王嬷嬷心里叹了口气,当年孟氏身边得用的人,一夜之间不是被打杀,就是给发卖了。如今跟着的这些人竟全都不中用,罢了,何苦逆了这小魔星,白填了性命。她冲打头的红娇使了个眼色,那丫鬟便领着小丫头们鱼贯退出去,直到出了门,心还哆嗦。

「王嬷嬷,把帐子给我掀起来,太太想必记挂着我呢!弄亮堂些,让太太好好看看!」李子涵略带嘲讽的冲老嬷嬷说着。

人在屋檐下,不得不低头。

王嬷嬷心中替自己小姐悲愤,却不敢不听,撩起孟氏的床帐。

一个头发已经苍白,肤色焦黄,皮包骨头,状如厉鬼的妇人裹在秋香色的绫被里,喘着粗气,似是想要扑下来,却体力不支。
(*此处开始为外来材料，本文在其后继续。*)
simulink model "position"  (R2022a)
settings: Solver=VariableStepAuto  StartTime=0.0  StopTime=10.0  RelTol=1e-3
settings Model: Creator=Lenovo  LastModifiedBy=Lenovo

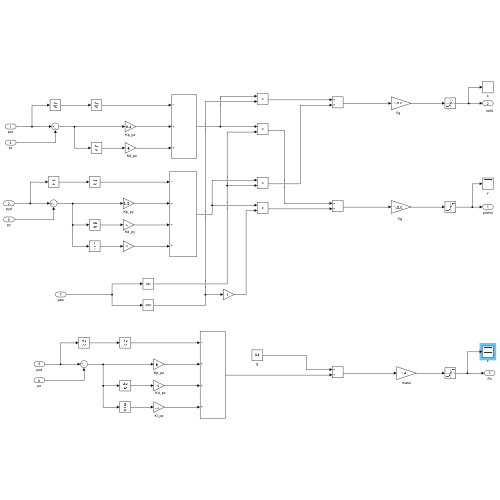
[thumbnail: Simulink's stored preview of the top-level diagram]
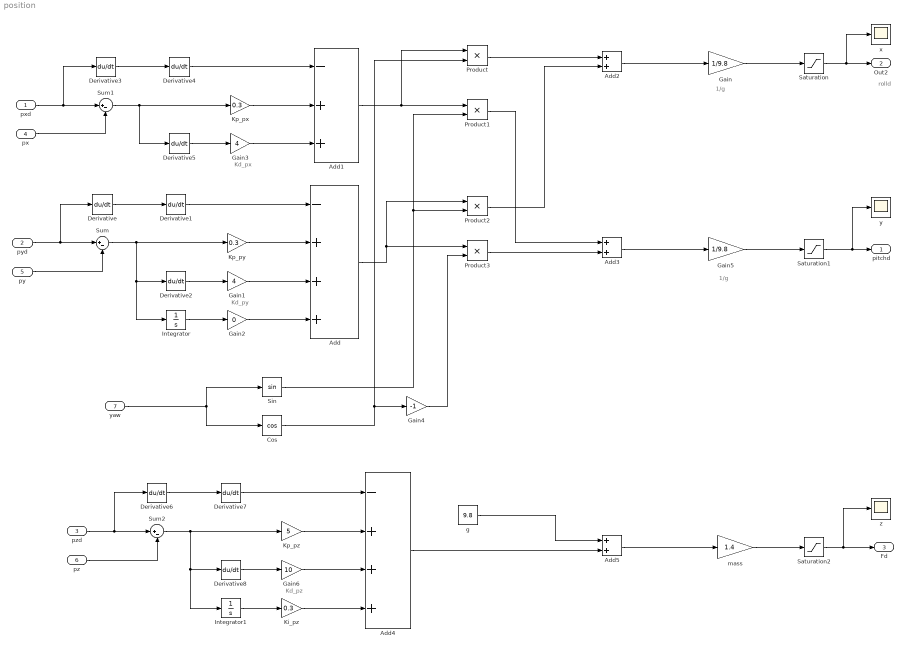
== system position ==
  note: rolld
  note: 1/g
  note: Kd_py
  note: Kd_px
  note: 1/g
  note: Kd_pz
  pxd : Inport
  pyd : Inport  Port=2
  pzd : Inport  Port=3
  px : Inport  Port=4
  py : Inport  Port=5
  pz : Inport  Port=6
  yaw : Inport  Port=7
  Add : Sum  Inputs=-+++
  Add1 : Sum  Inputs=-++
  Add2 : Sum
  Add3 : Sum
  Add4 : Sum  Inputs=-+++
  Add5 : Sum
  Cos : Trigonometry  Operator=cos
  Derivative{,1..8} (9 alike) : Derivative
  Gain : Gain  Gain=1/9.8
  Gain1 : Gain  Gain=4
  Gain2 : Gain  Gain=0
  Gain3 : Gain  Gain=4
  Gain4 : Gain  Gain=-1
  Gain5 : Gain  Gain=1/9.8
  Gain6 : Gain  Gain=10
  Integrator : Integrator
  Integrator1 : Integrator
  Ki_pz : Gain  Gain=0.3
  Kp_px : Gain  Gain=0.3
  Kp_py : Gain  Gain=0.3
  Kp_pz : Gain  Gain=5
  Product{,1..3} (4 alike) : Product
  Saturation : Saturate
  Saturation1 : Saturate
  Saturation2 : Saturate
  Sin : Trigonometry
  Sum : Sum  Inputs=|+-
  Sum1 : Sum  Inputs=|+-
  Sum2 : Sum  Inputs=|+-
  g : Constant  Value=9.8
  mass : Gain  Gain=1.4
  x : Scope
  y : Scope
  z : Scope
  pitchd : Outport
  Out2 : Outport  Port=2
  Fd : Outport  Port=3
  wires:
  Saturation2/1 -> Fd/1, z/1
  mass/1 -> Saturation2/1
  Add5/1 -> mass/1
  g/1 -> Add5/1
  Integrator1/1 -> Ki_pz/1
  Ki_pz/1 -> Add4/4
  Gain6/1 -> Add4/3
  Kp_pz/1 -> Add4/2
  Derivative7/1 -> Add4/1
  Derivative8/1 -> Gain6/1
  Sum2/1 -> Kp_pz/1, Derivative8/1, Integrator1/1
  Derivative6/1 -> Derivative7/1
  pz/1 -> Sum2/2
  pzd/1 -> Sum2/1, Derivative6/1
  Add4/1 -> Add5/2
  Saturation1/1 -> pitchd/1, y/1
  Saturation/1 -> Out2/1, x/1
  Gain5/1 -> Saturation1/1
  Gain/1 -> Saturation/1
  Add3/1 -> Gain5/1
  Add2/1 -> Gain/1
  Product3/1 -> Add3/2
  Product1/1 -> Add3/1
  Product2/1 -> Add2/2
  Product/1 -> Add2/1
  Add/1 -> Product3/1, Product2/1
  Gain4/1 -> Product3/2
  Cos/1 -> Product/2, Gain4/1
  Sin/1 -> Product1/2, Product2/2
  yaw/1 -> Sin/1, Cos/1
  Add1/1 -> Product1/1, Product/1
  pxd/1 -> Derivative3/1, Sum1/1
  px/1 -> Sum1/2
  Derivative3/1 -> Derivative4/1
  Sum1/1 -> Derivative5/1, Kp_px/1
  Derivative5/1 -> Gain3/1
  Derivative4/1 -> Add1/1
  Kp_px/1 -> Add1/2
  Gain3/1 -> Add1/3
  Gain2/1 -> Add/4
  Gain1/1 -> Add/3
  Kp_py/1 -> Add/2
  Derivative1/1 -> Add/1
  Derivative2/1 -> Gain1/1
  Integrator/1 -> Gain2/1
  Sum/1 -> Kp_py/1, Integrator/1, Derivative2/1
  Derivative/1 -> Derivative1/1
  py/1 -> Sum/2
  pyd/1 -> Sum/1, Derivative/1

又因为羞愤之极引来痰喘,吼吼吼的捂着喉咙翻白眼。

王嬷嬷心里一酸,眼里就蓄满了泪,忙给她又是捶又是揉,方听到一阵破风箱般的剧咳。

谁成想孟家的千金,竟也有一天会给揉搓到这个地步!一步错,步步错,真是万般皆是命,半点不由人。

五年还是六年没见过这女人了,怎的她成了这幅模样?

李子涵心里头有些迷茫,幼时那个嘘寒问暖,会把自己抱在怀里抚慰的温婉贵妇人,是眼前这个人吗?

一切从什么时候开始改变的呢?是从她知道了自己不是她亲生的孩儿?是从她以为自己亲生的孩儿因他而死?是从一次次的下毒、暗杀、绑架?还是从自己察觉以后,起疑、疏远、防备?还是从那个雪夜,母子情断,血溅后宅?

李子涵心里五味杂陈,饶是再冷的心肠,见了她这幅摸样,也不由动容。毕竟曾叫过一声母亲呢!

「咳咳~咳~咳咳……,哈哈哈,你来干什么,是来看看我死了没有?还是来看看我什么时候死?咳咳……咳咳……,可惜,没能如你的愿,我还没死呢!」

孟氏的眼珠子像淬了毒,恨不能戳进他的心窝子里去。

他在灯下长身而立,面容清俊,神采飞扬,听说还取了个聪明貌美的媳妇。

这一切本都应该是自己儿子的,这个小偷,他偷了自己儿子的福分,他怎么能活着,怎么敢活着,还活的这么好?

「母亲,当年父亲已经告诉您了,那孩儿一落地就死了,您产后血崩,他怕您雪上加霜,受不了那个打击,才没告诉您真相!正巧赶上我母妃送了我来,也是怜惜您,方才把我放在您膝下照顾,想着过些年,你养好身体,再告诉您的!」

「呸!狼子野心,他一心博那荣华富贵,生生害死自己的亲生孩儿,也不怕死了以后坠入阿鼻地狱,永不超生!哈哈哈,李文泽,你看看,我们的孩子在天上看着你呢,每天都看着你呢!」

孟氏癫狂的笑起来,笑着笑着又哭起来,怀里抱着一个小枕头,爱怜的摸摸它,犹如再摸一个孩子的脸蛋。